Rachel, Allie, and Hannah (my younger sister) in 2014
     Luckily, my excess amount of rest meant that I could go to my appointment and college interview, but I was so exhausted afterward that I had to cancel Facetime plans with a long-distance friend, which saddened me. In response to my disappointed and apologetic cancellation text, Allie wrote a super encouraging text letting me know that canceling was okay, that I should not feel guilty about it, and that she wants to hear about my arthritis when we do catch up. And so I found myself simply overwhelmed by gratitude for friends that are involved and compassionate regardless of distance or illness - what a gift it is to know people as wonderful as Allie.

     I would like to propose that the only way to win is to keep living. Not necessarily to overcome every struggle, but to be willing to try every morning. I am not everything, and I am not capable of everything, but I definitely am willing and eager to live in a full and sometimes reckless way that is not hindered by arthritis.

     Today I used my wheelchair at school for the first time since my sophomore year. I was a bit stressed about it last night, and asked Faith (my best friend, see "Procrastination of Thought") whether it would be better to bring the wheelchair or to walk slowly with help. In her typical pragmatic manner, she responded, "Bring the wheelchair and have someone help you with doors and [with] screaming at people to get out the way." I laughed and approved of her plan, and for once I took her advice, and it really paid off.

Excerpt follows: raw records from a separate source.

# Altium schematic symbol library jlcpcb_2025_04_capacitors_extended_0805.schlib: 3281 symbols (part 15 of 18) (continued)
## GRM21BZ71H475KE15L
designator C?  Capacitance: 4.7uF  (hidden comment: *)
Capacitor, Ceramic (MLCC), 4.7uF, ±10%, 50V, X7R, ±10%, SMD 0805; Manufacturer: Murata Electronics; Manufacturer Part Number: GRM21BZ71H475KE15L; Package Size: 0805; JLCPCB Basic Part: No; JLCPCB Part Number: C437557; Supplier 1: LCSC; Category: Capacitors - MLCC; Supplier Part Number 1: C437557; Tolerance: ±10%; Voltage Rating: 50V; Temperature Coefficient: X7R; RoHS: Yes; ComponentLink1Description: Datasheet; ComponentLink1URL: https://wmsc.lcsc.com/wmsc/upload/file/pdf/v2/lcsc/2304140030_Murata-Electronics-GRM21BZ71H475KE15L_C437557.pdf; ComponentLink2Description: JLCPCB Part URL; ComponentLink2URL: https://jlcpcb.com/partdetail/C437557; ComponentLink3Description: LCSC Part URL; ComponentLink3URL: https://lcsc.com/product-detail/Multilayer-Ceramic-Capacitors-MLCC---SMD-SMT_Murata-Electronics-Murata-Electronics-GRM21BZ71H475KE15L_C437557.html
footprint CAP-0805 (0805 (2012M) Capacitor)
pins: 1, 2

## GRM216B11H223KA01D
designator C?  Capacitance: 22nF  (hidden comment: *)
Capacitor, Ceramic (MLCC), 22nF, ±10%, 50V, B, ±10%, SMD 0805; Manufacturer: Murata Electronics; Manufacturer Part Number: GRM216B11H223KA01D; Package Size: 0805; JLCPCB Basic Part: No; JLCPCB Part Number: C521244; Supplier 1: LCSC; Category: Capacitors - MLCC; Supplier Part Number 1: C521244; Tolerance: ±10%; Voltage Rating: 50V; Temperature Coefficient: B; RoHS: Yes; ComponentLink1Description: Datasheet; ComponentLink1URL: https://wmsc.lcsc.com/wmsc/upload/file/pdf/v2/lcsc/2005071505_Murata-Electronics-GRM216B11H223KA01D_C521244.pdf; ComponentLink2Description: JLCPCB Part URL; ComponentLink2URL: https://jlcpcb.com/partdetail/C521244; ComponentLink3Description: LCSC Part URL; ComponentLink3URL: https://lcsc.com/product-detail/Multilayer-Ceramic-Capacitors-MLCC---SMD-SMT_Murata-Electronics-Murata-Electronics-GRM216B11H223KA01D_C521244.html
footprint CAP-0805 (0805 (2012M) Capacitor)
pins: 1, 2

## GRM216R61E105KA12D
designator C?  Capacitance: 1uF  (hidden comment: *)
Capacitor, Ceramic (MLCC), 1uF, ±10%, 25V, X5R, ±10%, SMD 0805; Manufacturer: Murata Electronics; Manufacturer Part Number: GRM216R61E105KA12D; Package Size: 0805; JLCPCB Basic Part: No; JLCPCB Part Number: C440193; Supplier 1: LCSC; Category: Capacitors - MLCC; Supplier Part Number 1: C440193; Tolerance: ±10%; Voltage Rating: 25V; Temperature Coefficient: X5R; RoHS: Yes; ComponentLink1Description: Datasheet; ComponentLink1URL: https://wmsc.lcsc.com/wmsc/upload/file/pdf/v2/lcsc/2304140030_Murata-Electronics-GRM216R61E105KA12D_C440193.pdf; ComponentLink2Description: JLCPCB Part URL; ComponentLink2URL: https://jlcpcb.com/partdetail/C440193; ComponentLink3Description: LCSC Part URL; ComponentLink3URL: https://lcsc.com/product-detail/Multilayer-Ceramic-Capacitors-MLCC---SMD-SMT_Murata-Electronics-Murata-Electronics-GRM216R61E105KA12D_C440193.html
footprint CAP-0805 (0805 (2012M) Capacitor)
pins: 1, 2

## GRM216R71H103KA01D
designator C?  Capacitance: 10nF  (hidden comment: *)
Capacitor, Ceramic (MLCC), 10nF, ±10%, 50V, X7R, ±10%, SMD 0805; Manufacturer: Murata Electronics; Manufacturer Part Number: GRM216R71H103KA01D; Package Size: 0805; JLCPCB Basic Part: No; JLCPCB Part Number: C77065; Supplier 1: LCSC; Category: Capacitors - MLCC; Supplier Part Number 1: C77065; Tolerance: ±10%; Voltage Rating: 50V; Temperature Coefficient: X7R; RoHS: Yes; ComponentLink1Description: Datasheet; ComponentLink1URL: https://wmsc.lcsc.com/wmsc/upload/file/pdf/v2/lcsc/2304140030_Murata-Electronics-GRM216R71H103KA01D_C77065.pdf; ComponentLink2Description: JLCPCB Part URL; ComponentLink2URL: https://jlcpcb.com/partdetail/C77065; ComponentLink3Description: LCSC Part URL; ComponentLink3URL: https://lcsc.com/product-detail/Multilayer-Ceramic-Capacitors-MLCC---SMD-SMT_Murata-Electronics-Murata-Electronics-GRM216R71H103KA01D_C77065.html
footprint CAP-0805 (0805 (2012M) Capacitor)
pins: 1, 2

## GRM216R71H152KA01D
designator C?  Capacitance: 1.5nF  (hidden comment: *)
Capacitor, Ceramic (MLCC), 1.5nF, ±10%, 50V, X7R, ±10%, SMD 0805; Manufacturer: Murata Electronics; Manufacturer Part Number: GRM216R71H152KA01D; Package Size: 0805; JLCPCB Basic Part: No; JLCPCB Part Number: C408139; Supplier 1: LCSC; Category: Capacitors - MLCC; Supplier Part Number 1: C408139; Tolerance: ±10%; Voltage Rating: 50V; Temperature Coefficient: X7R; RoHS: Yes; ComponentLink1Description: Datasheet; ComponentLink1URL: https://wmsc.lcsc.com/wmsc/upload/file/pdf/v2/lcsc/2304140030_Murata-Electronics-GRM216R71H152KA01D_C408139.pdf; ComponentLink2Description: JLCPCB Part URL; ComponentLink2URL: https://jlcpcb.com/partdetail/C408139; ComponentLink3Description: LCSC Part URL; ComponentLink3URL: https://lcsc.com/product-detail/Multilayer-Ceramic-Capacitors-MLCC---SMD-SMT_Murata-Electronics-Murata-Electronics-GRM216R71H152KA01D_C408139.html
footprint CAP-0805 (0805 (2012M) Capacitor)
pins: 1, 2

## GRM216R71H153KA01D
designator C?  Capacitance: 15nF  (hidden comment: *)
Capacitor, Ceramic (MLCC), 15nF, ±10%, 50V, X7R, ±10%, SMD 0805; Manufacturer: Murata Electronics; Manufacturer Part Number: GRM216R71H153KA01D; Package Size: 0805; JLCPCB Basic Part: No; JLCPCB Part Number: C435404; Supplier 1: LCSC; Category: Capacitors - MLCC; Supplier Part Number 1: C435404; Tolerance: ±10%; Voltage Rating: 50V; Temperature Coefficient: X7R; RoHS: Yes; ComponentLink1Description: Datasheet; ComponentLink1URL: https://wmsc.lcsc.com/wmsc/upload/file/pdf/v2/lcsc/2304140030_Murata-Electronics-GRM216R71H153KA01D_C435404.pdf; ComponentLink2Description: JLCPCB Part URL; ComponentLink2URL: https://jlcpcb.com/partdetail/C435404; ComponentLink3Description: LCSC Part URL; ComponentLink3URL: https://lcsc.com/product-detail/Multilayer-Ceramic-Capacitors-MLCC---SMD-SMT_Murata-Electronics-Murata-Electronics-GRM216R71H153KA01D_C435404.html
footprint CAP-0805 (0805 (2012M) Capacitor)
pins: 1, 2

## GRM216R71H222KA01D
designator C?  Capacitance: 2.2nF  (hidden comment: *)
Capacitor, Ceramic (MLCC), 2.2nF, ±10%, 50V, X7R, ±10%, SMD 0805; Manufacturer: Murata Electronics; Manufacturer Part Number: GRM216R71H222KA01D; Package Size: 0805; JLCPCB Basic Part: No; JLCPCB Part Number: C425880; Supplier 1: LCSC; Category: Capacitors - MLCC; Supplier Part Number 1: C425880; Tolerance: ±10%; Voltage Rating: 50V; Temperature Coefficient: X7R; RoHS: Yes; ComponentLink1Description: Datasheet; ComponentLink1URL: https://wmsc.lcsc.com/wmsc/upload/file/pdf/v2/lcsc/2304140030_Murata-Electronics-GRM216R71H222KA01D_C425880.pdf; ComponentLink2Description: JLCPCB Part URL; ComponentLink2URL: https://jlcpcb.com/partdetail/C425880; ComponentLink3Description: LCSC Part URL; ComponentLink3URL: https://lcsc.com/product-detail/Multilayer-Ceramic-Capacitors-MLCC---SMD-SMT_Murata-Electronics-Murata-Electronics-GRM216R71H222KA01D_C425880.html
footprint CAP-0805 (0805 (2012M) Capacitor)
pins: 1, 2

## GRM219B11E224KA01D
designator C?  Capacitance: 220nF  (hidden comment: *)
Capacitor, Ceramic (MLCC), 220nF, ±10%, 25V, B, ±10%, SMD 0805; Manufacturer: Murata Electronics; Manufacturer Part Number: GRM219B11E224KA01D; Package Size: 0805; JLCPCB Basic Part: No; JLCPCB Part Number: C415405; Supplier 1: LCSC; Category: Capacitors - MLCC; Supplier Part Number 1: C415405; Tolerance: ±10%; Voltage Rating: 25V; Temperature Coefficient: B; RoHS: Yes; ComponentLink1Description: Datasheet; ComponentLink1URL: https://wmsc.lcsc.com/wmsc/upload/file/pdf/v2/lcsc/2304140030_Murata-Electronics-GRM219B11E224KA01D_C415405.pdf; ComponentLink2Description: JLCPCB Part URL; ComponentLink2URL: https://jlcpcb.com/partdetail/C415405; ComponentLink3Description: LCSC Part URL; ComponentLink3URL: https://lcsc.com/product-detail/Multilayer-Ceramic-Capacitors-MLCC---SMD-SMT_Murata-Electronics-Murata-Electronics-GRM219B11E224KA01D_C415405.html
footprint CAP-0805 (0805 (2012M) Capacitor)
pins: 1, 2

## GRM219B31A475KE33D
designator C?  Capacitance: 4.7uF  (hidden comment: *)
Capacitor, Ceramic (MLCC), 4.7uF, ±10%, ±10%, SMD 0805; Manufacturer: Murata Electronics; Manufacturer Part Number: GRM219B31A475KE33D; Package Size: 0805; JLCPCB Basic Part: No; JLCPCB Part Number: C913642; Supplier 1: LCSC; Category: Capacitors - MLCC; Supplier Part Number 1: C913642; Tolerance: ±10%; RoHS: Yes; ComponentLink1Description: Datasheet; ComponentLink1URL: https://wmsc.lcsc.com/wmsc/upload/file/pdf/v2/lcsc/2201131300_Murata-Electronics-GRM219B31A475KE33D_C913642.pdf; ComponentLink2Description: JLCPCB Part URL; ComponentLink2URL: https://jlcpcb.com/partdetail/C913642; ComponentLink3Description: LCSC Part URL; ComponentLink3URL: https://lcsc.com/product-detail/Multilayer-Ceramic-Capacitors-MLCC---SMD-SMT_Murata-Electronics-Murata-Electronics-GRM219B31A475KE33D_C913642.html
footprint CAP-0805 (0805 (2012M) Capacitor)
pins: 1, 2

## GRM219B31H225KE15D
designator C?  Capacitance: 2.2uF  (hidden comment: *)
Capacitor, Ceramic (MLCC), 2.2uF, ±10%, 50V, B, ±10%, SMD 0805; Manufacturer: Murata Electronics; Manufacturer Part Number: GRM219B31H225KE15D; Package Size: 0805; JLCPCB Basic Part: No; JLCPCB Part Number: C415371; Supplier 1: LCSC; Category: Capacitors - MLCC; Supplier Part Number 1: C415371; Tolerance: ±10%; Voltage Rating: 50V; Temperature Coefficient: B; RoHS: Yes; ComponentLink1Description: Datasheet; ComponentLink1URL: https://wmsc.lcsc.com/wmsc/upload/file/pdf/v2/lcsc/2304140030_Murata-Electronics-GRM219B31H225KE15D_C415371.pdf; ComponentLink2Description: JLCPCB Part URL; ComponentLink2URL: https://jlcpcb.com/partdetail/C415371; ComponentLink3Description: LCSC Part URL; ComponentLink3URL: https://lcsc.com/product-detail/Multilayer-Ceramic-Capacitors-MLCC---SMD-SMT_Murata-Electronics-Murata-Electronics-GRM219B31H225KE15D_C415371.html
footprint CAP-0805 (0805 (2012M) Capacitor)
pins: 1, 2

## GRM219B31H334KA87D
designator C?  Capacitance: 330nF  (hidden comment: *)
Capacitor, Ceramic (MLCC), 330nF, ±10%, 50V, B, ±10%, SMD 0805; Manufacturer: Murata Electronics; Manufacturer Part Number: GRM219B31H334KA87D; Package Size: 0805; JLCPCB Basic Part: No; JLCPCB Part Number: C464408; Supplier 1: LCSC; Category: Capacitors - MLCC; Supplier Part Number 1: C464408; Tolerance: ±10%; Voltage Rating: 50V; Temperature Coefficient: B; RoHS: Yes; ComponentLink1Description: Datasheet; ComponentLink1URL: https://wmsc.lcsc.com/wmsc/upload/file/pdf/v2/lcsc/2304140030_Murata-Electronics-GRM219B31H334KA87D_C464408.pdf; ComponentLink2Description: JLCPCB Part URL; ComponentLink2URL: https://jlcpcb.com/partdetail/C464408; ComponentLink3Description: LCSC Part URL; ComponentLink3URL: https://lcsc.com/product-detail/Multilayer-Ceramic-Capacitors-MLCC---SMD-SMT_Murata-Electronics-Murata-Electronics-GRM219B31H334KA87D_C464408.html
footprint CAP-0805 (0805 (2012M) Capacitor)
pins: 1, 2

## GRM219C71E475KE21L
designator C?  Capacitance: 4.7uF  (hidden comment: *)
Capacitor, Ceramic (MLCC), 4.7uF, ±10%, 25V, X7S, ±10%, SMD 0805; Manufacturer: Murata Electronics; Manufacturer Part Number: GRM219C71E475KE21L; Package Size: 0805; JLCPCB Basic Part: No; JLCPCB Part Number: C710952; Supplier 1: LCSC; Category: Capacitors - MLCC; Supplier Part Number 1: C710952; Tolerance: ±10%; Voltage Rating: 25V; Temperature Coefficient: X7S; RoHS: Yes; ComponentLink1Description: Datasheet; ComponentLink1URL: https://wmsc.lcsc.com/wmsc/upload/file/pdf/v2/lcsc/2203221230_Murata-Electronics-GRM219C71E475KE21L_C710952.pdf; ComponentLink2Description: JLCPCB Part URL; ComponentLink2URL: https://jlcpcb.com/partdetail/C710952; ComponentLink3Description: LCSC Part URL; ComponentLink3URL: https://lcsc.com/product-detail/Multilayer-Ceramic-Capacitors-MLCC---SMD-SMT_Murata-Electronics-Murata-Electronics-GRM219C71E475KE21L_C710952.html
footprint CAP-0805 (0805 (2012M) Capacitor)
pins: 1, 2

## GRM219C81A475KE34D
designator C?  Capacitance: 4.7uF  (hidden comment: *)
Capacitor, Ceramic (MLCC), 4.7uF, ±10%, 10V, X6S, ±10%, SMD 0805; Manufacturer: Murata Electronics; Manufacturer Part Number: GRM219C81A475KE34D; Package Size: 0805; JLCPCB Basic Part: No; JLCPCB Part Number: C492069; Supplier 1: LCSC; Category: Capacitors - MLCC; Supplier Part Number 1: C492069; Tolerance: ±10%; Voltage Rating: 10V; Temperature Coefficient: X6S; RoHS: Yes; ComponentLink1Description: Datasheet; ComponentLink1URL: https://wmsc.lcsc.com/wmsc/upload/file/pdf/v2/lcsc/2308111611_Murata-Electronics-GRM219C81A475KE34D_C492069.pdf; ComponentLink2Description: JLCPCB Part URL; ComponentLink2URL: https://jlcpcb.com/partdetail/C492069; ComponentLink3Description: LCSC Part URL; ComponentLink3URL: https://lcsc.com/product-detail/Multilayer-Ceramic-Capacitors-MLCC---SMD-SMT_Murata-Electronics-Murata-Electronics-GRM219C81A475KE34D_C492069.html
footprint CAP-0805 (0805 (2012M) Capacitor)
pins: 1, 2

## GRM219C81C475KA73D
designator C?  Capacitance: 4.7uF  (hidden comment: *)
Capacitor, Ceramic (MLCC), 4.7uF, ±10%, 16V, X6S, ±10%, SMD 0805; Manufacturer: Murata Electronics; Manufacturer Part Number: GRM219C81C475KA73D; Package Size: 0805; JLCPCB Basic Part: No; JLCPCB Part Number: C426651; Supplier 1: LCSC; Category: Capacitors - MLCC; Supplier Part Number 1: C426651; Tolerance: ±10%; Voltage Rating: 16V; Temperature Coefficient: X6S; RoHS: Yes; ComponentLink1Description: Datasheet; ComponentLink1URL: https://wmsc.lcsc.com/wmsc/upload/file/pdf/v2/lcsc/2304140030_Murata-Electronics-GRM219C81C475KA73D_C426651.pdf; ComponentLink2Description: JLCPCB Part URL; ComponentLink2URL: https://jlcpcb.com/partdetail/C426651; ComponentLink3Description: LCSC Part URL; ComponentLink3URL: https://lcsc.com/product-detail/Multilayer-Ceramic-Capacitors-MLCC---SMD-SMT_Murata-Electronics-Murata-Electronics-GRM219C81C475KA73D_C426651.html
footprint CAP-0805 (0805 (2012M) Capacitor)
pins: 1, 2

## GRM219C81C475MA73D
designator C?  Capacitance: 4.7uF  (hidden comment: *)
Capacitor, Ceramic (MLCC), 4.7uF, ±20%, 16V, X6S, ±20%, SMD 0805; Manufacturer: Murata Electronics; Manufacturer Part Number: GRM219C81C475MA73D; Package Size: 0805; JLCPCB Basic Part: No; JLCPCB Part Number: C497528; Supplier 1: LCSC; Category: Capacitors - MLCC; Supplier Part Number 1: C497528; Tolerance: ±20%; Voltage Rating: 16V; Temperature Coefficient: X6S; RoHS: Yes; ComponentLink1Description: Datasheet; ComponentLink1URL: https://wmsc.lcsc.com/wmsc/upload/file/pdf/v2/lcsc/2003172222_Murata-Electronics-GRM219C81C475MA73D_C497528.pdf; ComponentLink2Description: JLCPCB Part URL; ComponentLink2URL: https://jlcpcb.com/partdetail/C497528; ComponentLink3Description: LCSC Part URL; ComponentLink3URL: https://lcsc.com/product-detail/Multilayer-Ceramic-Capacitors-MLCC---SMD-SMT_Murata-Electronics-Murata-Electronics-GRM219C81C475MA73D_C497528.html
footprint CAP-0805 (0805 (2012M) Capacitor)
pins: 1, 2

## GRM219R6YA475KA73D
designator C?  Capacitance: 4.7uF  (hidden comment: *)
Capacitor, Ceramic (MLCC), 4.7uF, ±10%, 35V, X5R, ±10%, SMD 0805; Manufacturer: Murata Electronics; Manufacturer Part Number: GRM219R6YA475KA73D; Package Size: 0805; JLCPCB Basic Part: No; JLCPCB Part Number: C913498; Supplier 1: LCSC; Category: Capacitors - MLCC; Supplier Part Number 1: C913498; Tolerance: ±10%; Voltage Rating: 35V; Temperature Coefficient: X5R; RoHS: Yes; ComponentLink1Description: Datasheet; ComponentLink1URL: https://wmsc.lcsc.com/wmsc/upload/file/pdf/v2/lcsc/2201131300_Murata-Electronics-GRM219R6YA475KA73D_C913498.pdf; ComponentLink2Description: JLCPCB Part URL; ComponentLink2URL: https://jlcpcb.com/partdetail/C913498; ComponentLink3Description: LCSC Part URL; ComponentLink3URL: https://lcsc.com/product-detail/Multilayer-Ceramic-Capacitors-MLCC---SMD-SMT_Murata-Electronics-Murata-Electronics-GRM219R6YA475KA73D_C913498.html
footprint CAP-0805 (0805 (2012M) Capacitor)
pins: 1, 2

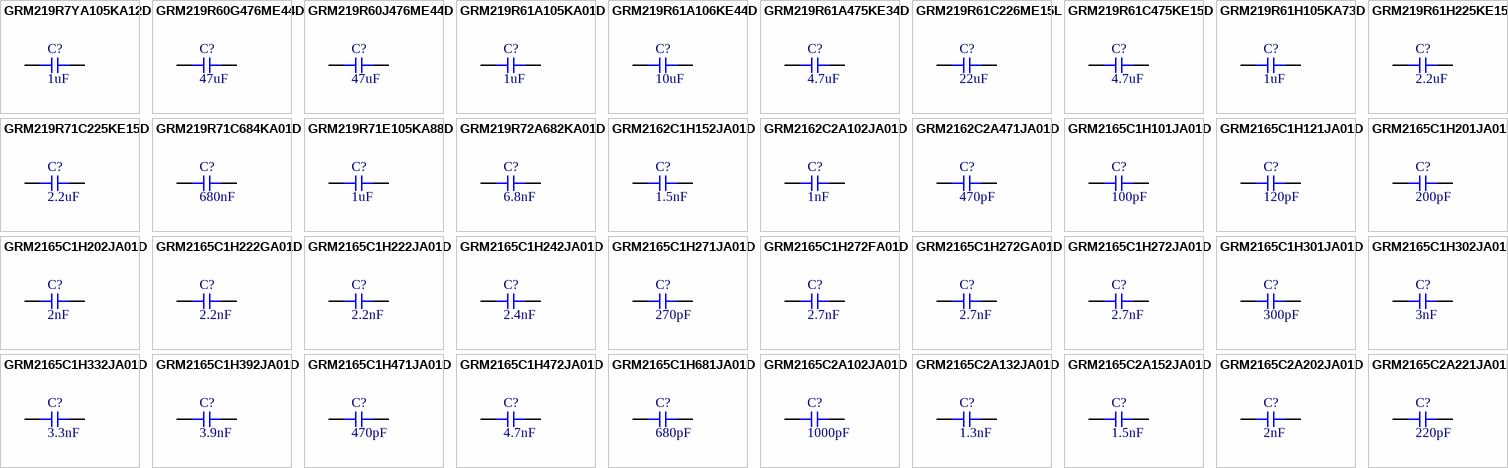
[diagram p68: symbols GRM219R7YA105KA12D to GRM2165C2A221JA01D]

## GRM219R7YA105KA12D
designator C?  Capacitance: 1uF  (hidden comment: *)
Capacitor, Ceramic (MLCC), 1uF, ±10%, 35V, X7R, ±10%, SMD 0805; Manufacturer: Murata Electronics; Manufacturer Part Number: GRM219R7YA105KA12D; Package Size: 0805; JLCPCB Basic Part: No; JLCPCB Part Number: C440196; Supplier 1: LCSC; Category: Capacitors - MLCC; Supplier Part Number 1: C440196; Tolerance: ±10%; Voltage Rating: 35V; Temperature Coefficient: X7R; RoHS: Yes; ComponentLink1Description: Datasheet; ComponentLink1URL: https://wmsc.lcsc.com/wmsc/upload/file/pdf/v2/lcsc/2304140030_Murata-Electronics-GRM219R7YA105KA12D_C440196.pdf; ComponentLink2Description: JLCPCB Part URL; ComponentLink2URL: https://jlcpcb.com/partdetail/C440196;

     Instead of feeling down in the dumps about using my wheelchair, I felt incredibly relieved. I was able to talk to my friends, laugh until my stomach hurt, and participate in class, all because the burden of class changes was not making me feel dead inside. On top of that, everyone was genuinely kind about it. I never had to ask someone to hold a door - someone always did, and it was mostly strangers. When I went in this morning to talk with my independent study adviser, he encouraged me to rest and gently said, "You don't have anything to prove." I am always surprised by the simplicity of his words and the deep meaning behind them, and I was very appreciative of his support. In many ways, I went into school today thinking that I did have something to prove. I felt like I needed to prove that I was a competent person who cared about my schoolwork and did not intend to miss school yesterday. But after being given such a compassionate reminder, I was content with doing the best that I could and trusting that the people around me were on my team in this five-year long fight against my immune system, not skeptical sideliners taking critical notes on my abilities.

    Furthermore, the two substitute teachers I had today didn't berate me about using the wheelchair for an invisible illness, and I was given understanding looks by my calculus and English teachers instead of shocked displays of pity. My teachers collectively responded to my pain by shifting objects in the classroom instead of shifting their expectations, and they laughed at the corny arthritis jokes I made. So all in all, it was a good day, and I came home not feeling terrible. If I have to use a wheelchair to feel that way then so be it, because it is completely worth it and stigma doesn't scare me nearly as much as it used to.

     And this, my friends, concludes my tale of two days.